Below are several records. Retype exactly those lines running from the one with "#1397 = CARTESIAN_POINT" through the one with "#3789 = CARTESIAN_POINT", end lines included, and no others.

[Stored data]
○ ○ ○ ○ ○ ○ ○

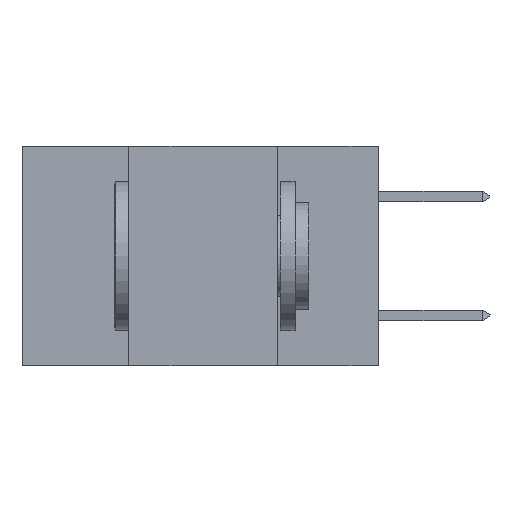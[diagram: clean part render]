
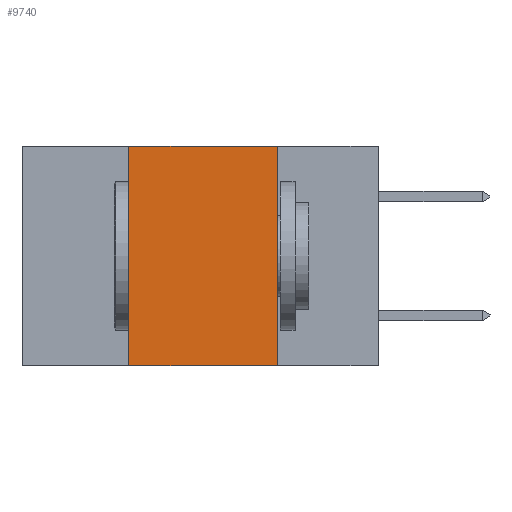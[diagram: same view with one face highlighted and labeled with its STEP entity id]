
A CAD part, left-side view. The second image highlights one B-rep face of the part: STEP entity #9740.
In plain terms, the highlighted planar face has unit normal (-1, 0, 0).
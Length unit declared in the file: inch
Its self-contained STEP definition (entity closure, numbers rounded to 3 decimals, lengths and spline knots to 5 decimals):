
#371 = PLANE ( 'NONE',  #1476 ) ;
#454 = DIRECTION ( 'NONE',  ( 0., 0., -1. ) ) ;
#529 = EDGE_CURVE ( 'NONE', #7777, #1091, #2101, .T. ) ;
#854 = EDGE_CURVE ( 'NONE', #2622, #1091, #9192, .T. ) ;
#1091 = VERTEX_POINT ( 'NONE', #1833 ) ;
#1144 = DIRECTION ( 'NONE',  ( 0., -1., 0. ) ) ;
#1194 = DIRECTION ( 'NONE',  ( 1., 0., 0. ) ) ;
#1476 = AXIS2_PLACEMENT_3D ( 'NONE', #5115, #1194, #3584 ) ;
#1833 = CARTESIAN_POINT ( 'NONE',  ( 0., 0.17, -0.37 ) ) ;
#2101 = LINE ( 'NONE', #5132, #5554 ) ;
#2382 = VERTEX_POINT ( 'NONE', #8822 ) ;
#2622 = VERTEX_POINT ( 'NONE', #8422 ) ;
#2871 = CARTESIAN_POINT ( 'NONE',  ( 0., 0.6, -0.37 ) ) ;
#3329 = ORIENTED_EDGE ( 'NONE', *, *, #5661, .F. ) ;
#3551 = EDGE_LOOP ( 'NONE', ( #9148, #3329, #8288, #8397 ) ) ;
#3584 = DIRECTION ( 'NONE',  ( 0., 0., -1. ) ) ;
#3751 = CARTESIAN_POINT ( 'NONE',  ( 0., 0.17, 0. ) ) ;
#3869 = CARTESIAN_POINT ( 'NONE',  ( 0., 0.42, 0. ) ) ;
#4392 = EDGE_CURVE ( 'NONE', #2622, #2382, #4727, .T. ) ;
#4727 = LINE ( 'NONE', #3869, #6588 ) ;
#4938 = VECTOR ( 'NONE', #8419, 39.37008 ) ;
#5115 = CARTESIAN_POINT ( 'NONE',  ( 0., 0.6, 0. ) ) ;
#5132 = CARTESIAN_POINT ( 'NONE',  ( 0., 0.17, 0. ) ) ;
#5554 = VECTOR ( 'NONE', #454, 39.37008 ) ;
#5634 = CARTESIAN_POINT ( 'NONE',  ( 0., 0.6, 0. ) ) ;
#5661 = EDGE_CURVE ( 'NONE', #2382, #7777, #6444, .T. ) ;
#6444 = LINE ( 'NONE', #5634, #9439 ) ;
#6588 = VECTOR ( 'NONE', #9517, 39.37008 ) ;
#7777 = VERTEX_POINT ( 'NONE', #3751 ) ;
#8288 = ORIENTED_EDGE ( 'NONE', *, *, #4392, .F. ) ;
#8397 = ORIENTED_EDGE ( 'NONE', *, *, #854, .T. ) ;
#8419 = DIRECTION ( 'NONE',  ( 0., -1., 0. ) ) ;
#8422 = CARTESIAN_POINT ( 'NONE',  ( 0., 0.42, -0.37 ) ) ;
#8822 = CARTESIAN_POINT ( 'NONE',  ( 0., 0.42, 0. ) ) ;
#9148 = ORIENTED_EDGE ( 'NONE', *, *, #529, .F. ) ;
#9161 = FACE_OUTER_BOUND ( 'NONE', #3551, .T. ) ;
#9192 = LINE ( 'NONE', #2871, #4938 ) ;
#9439 = VECTOR ( 'NONE', #1144, 39.37008 ) ;
#9517 = DIRECTION ( 'NONE',  ( 0., 0., 1. ) ) ;
#9740 = ADVANCED_FACE ( 'NONE', ( #9161 ), #371, .F. ) ;
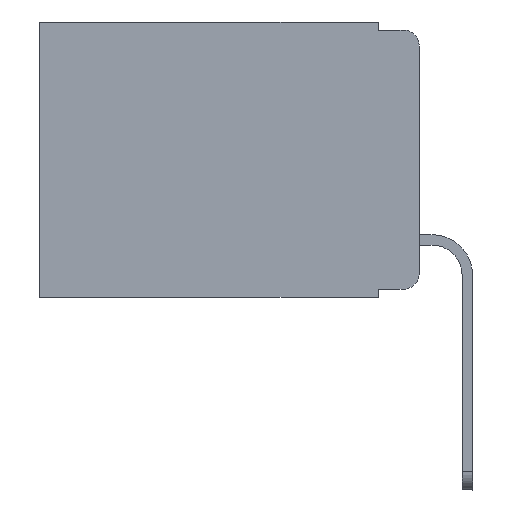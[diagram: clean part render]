
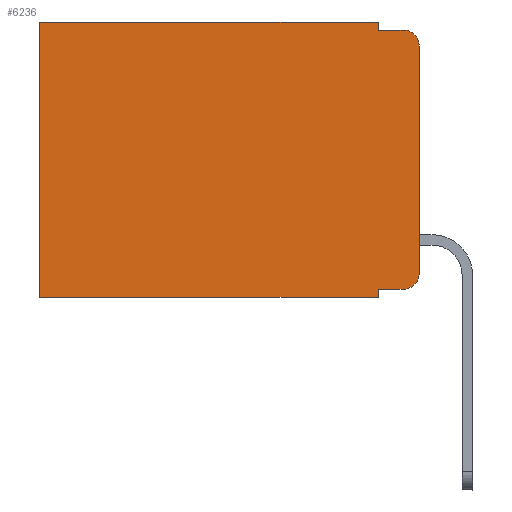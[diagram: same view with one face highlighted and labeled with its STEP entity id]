
A CAD part, left-side view. The second image highlights one B-rep face of the part: STEP entity #6236.
In plain terms, the highlighted planar face has unit normal (-1, 0, 0).
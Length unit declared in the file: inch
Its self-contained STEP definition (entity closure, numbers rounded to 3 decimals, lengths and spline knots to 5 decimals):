
#147 = AXIS2_PLACEMENT_3D ( 'NONE', #1263, #9420, #14792 ) ;
#292 = VECTOR ( 'NONE', #2814, 39.37008 ) ;
#381 = CARTESIAN_POINT ( 'NONE',  ( 0.298, 0., 0. ) ) ;
#407 = CARTESIAN_POINT ( 'NONE',  ( 0.298, 0., -0.03 ) ) ;
#532 = CARTESIAN_POINT ( 'NONE',  ( 0.298, 0.051, -0.333 ) ) ;
#618 = DIRECTION ( 'NONE',  ( 0., 1., 0. ) ) ;
#841 = CARTESIAN_POINT ( 'NONE',  ( 0.298, 0.051, 0. ) ) ;
#1177 = FACE_OUTER_BOUND ( 'NONE', #15107, .T. ) ;
#1263 = CARTESIAN_POINT ( 'NONE',  ( 0.298, 0., 0. ) ) ;
#1312 = DIRECTION ( 'NONE',  ( 0., 0., -1. ) ) ;
#1397 = CARTESIAN_POINT ( 'NONE',  ( 0.298, 0.051, -0.333 ) ) ;
#1492 = CARTESIAN_POINT ( 'NONE',  ( 0.298, 0.051, 0. ) ) ;
#1505 = ORIENTED_EDGE ( 'NONE', *, *, #8779, .F. ) ;
#1575 = VECTOR ( 'NONE', #2455, 39.37008 ) ;
#1596 = CARTESIAN_POINT ( 'NONE',  ( 0.298, 0.02, -0.03 ) ) ;
#1624 = VECTOR ( 'NONE', #5304, 39.37008 ) ;
#1857 = DIRECTION ( 'NONE',  ( 0., -1., 0. ) ) ;
#2455 = DIRECTION ( 'NONE',  ( 0., 0., -1. ) ) ;
#2542 = LINE ( 'NONE', #15718, #1575 ) ;
#2643 = EDGE_CURVE ( 'NONE', #16967, #6027, #7352, .T. ) ;
#2814 = DIRECTION ( 'NONE',  ( 0., 0., -1. ) ) ;
#3098 = ORIENTED_EDGE ( 'NONE', *, *, #8596, .T. ) ;
#3235 = ORIENTED_EDGE ( 'NONE', *, *, #4909, .T. ) ;
#3703 = LINE ( 'NONE', #9099, #292 ) ;
#3715 = EDGE_CURVE ( 'NONE', #4102, #5223, #4600, .T. ) ;
#3789 = CARTESIAN_POINT ( 'NONE',  ( 0.298, 0.02, -0.333 ) ) ;
#3904 = CARTESIAN_POINT ( 'NONE',  ( 0.298, 0., -0.313 ) ) ;
#3988 = EDGE_CURVE ( 'NONE', #6385, #6027, #17222, .T. ) ;
#4102 = VERTEX_POINT ( 'NONE', #1397 ) ;
#4171 = CIRCLE ( 'NONE', #8983, 0.02 ) ;
#4177 = CIRCLE ( 'NONE', #4748, 0.02 ) ;
#4514 = ORIENTED_EDGE ( 'NONE', *, *, #14422, .F. ) ;
#4600 = LINE ( 'NONE', #532, #14358 ) ;
#4748 = AXIS2_PLACEMENT_3D ( 'NONE', #1596, #9482, #13632 ) ;
#4909 = EDGE_CURVE ( 'NONE', #12783, #16648, #4177, .T. ) ;
#4951 = DIRECTION ( 'NONE',  ( -1., 0., 0. ) ) ;
#5069 = CARTESIAN_POINT ( 'NONE',  ( 0.298, 0.473, -0.343 ) ) ;
#5223 = VERTEX_POINT ( 'NONE', #3789 ) ;
#5304 = DIRECTION ( 'NONE',  ( 0., 0., -1. ) ) ;
#5778 = DIRECTION ( 'NONE',  ( 0., 1., 0. ) ) ;
#5978 = CARTESIAN_POINT ( 'NONE',  ( 0.298, 0.02, -0.01 ) ) ;
#5996 = VECTOR ( 'NONE', #16399, 39.37008 ) ;
#6027 = VERTEX_POINT ( 'NONE', #5069 ) ;
#6236 = ADVANCED_FACE ( 'NONE', ( #1177 ), #8004, .F. ) ;
#6385 = VERTEX_POINT ( 'NONE', #11082 ) ;
#6781 = CARTESIAN_POINT ( 'NONE',  ( 0.298, 0.051, -0.01 ) ) ;
#6901 = EDGE_CURVE ( 'NONE', #11610, #9193, #2542, .T. ) ;
#7352 = LINE ( 'NONE', #12740, #13779 ) ;
#8004 = PLANE ( 'NONE',  #147 ) ;
#8048 = ORIENTED_EDGE ( 'NONE', *, *, #3988, .T. ) ;
#8596 = EDGE_CURVE ( 'NONE', #5223, #15212, #4171, .T. ) ;
#8700 = VECTOR ( 'NONE', #5778, 39.37008 ) ;
#8779 = EDGE_CURVE ( 'NONE', #4102, #16967, #10959, .T. ) ;
#8983 = AXIS2_PLACEMENT_3D ( 'NONE', #13003, #4951, #10353 ) ;
#9099 = CARTESIAN_POINT ( 'NONE',  ( 0.298, 0., 0. ) ) ;
#9193 = VERTEX_POINT ( 'NONE', #16239 ) ;
#9297 = ORIENTED_EDGE ( 'NONE', *, *, #3715, .T. ) ;
#9329 = ORIENTED_EDGE ( 'NONE', *, *, #2643, .F. ) ;
#9420 = DIRECTION ( 'NONE',  ( 1., 0., 0. ) ) ;
#9482 = DIRECTION ( 'NONE',  ( -1., 0., 0. ) ) ;
#10351 = ORIENTED_EDGE ( 'NONE', *, *, #12568, .F. ) ;
#10353 = DIRECTION ( 'NONE',  ( 0., 0., -1. ) ) ;
#10511 = CARTESIAN_POINT ( 'NONE',  ( 0.298, 0.473, 0. ) ) ;
#10747 = CARTESIAN_POINT ( 'NONE',  ( 0.298, 0.051, -0.343 ) ) ;
#10959 = LINE ( 'NONE', #1492, #1624 ) ;
#11082 = CARTESIAN_POINT ( 'NONE',  ( 0.298, 0.473, 0. ) ) ;
#11610 = VERTEX_POINT ( 'NONE', #841 ) ;
#12354 = LINE ( 'NONE', #6781, #5996 ) ;
#12568 = EDGE_CURVE ( 'NONE', #12783, #15212, #3703, .T. ) ;
#12643 = ORIENTED_EDGE ( 'NONE', *, *, #17100, .T. ) ;
#12740 = CARTESIAN_POINT ( 'NONE',  ( 0.298, 0., -0.343 ) ) ;
#12783 = VERTEX_POINT ( 'NONE', #407 ) ;
#13003 = CARTESIAN_POINT ( 'NONE',  ( 0.298, 0.02, -0.313 ) ) ;
#13632 = DIRECTION ( 'NONE',  ( 0., 0., -1. ) ) ;
#13659 = LINE ( 'NONE', #381, #8700 ) ;
#13779 = VECTOR ( 'NONE', #618, 39.37008 ) ;
#13963 = ORIENTED_EDGE ( 'NONE', *, *, #6901, .F. ) ;
#14358 = VECTOR ( 'NONE', #1857, 39.37008 ) ;
#14422 = EDGE_CURVE ( 'NONE', #9193, #16648, #12354, .T. ) ;
#14792 = DIRECTION ( 'NONE',  ( 0., 0., -1. ) ) ;
#15107 = EDGE_LOOP ( 'NONE', ( #10351, #3235, #4514, #13963, #12643, #8048, #9329, #1505, #9297, #3098 ) ) ;
#15212 = VERTEX_POINT ( 'NONE', #3904 ) ;
#15718 = CARTESIAN_POINT ( 'NONE',  ( 0.298, 0.051, 0. ) ) ;
#16239 = CARTESIAN_POINT ( 'NONE',  ( 0.298, 0.051, -0.01 ) ) ;
#16399 = DIRECTION ( 'NONE',  ( 0., -1., 0. ) ) ;
#16648 = VERTEX_POINT ( 'NONE', #5978 ) ;
#16967 = VERTEX_POINT ( 'NONE', #10747 ) ;
#17100 = EDGE_CURVE ( 'NONE', #11610, #6385, #13659, .T. ) ;
#17222 = LINE ( 'NONE', #10511, #17240 ) ;
#17240 = VECTOR ( 'NONE', #1312, 39.37008 ) ;

○ ○ ○ ○ ○ ○ ○

### Reply to the task
#1397 = CARTESIAN_POINT ( 'NONE',  ( 0.298, 0.051, -0.333 ) ) ;
#1492 = CARTESIAN_POINT ( 'NONE',  ( 0.298, 0.051, 0. ) ) ;
#1505 = ORIENTED_EDGE ( 'NONE', *, *, #8779, .F. ) ;
#1575 = VECTOR ( 'NONE', #2455, 39.37008 ) ;
#1596 = CARTESIAN_POINT ( 'NONE',  ( 0.298, 0.02, -0.03 ) ) ;
#1624 = VECTOR ( 'NONE', #5304, 39.37008 ) ;
#1857 = DIRECTION ( 'NONE',  ( 0., -1., 0. ) ) ;
#2455 = DIRECTION ( 'NONE',  ( 0., 0., -1. ) ) ;
#2542 = LINE ( 'NONE', #15718, #1575 ) ;
#2643 = EDGE_CURVE ( 'NONE', #16967, #6027, #7352, .T. ) ;
#2814 = DIRECTION ( 'NONE',  ( 0., 0., -1. ) ) ;
#3098 = ORIENTED_EDGE ( 'NONE', *, *, #8596, .T. ) ;
#3235 = ORIENTED_EDGE ( 'NONE', *, *, #4909, .T. ) ;
#3703 = LINE ( 'NONE', #9099, #292 ) ;
#3715 = EDGE_CURVE ( 'NONE', #4102, #5223, #4600, .T. ) ;
#3789 = CARTESIAN_POINT ( 'NONE',  ( 0.298, 0.02, -0.333 ) ) ;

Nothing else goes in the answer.